* Exercise description: The finished copy must match the records exactly, except that it contains no pictures.

* Records provided:
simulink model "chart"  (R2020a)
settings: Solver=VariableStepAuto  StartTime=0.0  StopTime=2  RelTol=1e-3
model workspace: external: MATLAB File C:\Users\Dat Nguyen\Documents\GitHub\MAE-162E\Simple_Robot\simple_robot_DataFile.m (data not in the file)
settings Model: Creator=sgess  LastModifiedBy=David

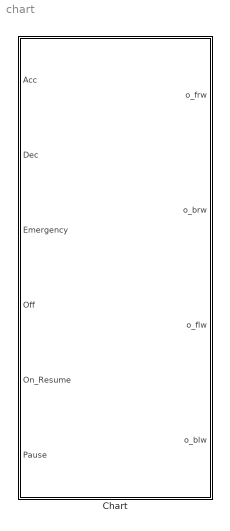
== system chart ==
  Chart : Stateflow chart  TreatAsAtomicUnit=on

== stateflow chart chart/Chart ==
  state On
    state Running
      entry:
      o_flw=-state_speed;
      o_frw=state_speed;
      o_blw=-state_speed;
      o_brw=state_speed;
    state Pause
      entry:
      o_flw=0;
      o_frw=0;
      o_blw=0;
      o_brw=0;
    state Acc
      entry:
      state_speed=state_speed+5;
    state Dec
      entry:
      state_speed=state_speed-5;
    (default) -> Running
    Pause -> Running : [Pause == 0 && On_Resume ==1]
    Running -> Pause [order 1] : [Pause == 1]
    Running -> Acc [order 2] : [Acc==1 && Dec == 0]
    Running -> Acc [order 3] : [Acc == 0]
    Running -> Dec [order 4] : [Dec==1 && Acc==0]
    Running -> Dec [order 5] : [Dec==0]
  state Off
    entry:
    state_speed=0;
    o_flw=0;
    o_frw=0;
    o_blw=0;
    o_brw=0;
  (default) -> Off
  Off -> On : [On_Resume == 1]
  On -> Off : [Emergency || Off == 1]
  data: o_frw output; o_brw output; o_flw output; o_blw output; Acc input; Dec input; Emergency input; Off input; On_Resume input; Pause input; state_speed local

* Solution:
simulink model "chart"  (R2020a)
settings: Solver=VariableStepAuto  StartTime=0.0  StopTime=2  RelTol=1e-3
model workspace: external: MATLAB File C:\Users\Dat Nguyen\Documents\GitHub\MAE-162E\Simple_Robot\simple_robot_DataFile.m (data not in the file)
settings Model: Creator=sgess  LastModifiedBy=David

== system chart ==
  Chart : Stateflow chart  TreatAsAtomicUnit=on

== stateflow chart chart/Chart ==
  state On
    state Running
      entry:
      o_flw=-state_speed;
      o_frw=state_speed;
      o_blw=-state_speed;
      o_brw=state_speed;
    state Pause
      entry:
      o_flw=0;
      o_frw=0;
      o_blw=0;
      o_brw=0;
    state Acc
      entry:
      state_speed=state_speed+5;
    state Dec
      entry:
      state_speed=state_speed-5;
    (default) -> Running
    Pause -> Running : [Pause == 0 && On_Resume ==1]
    Running -> Pause [order 1] : [Pause == 1]
    Running -> Acc [order 2] : [Acc==1 && Dec == 0]
    Running -> Acc [order 3] : [Acc == 0]
    Running -> Dec [order 4] : [Dec==1 && Acc==0]
    Running -> Dec [order 5] : [Dec==0]
  state Off
    entry:
    state_speed=0;
    o_flw=0;
    o_frw=0;
    o_blw=0;
    o_brw=0;
  (default) -> Off
  Off -> On : [On_Resume == 1]
  On -> Off : [Emergency || Off == 1]
  data: o_frw output; o_brw output; o_flw output; o_blw output; Acc input; Dec input; Emergency input; Off input; On_Resume input; Pause input; state_speed local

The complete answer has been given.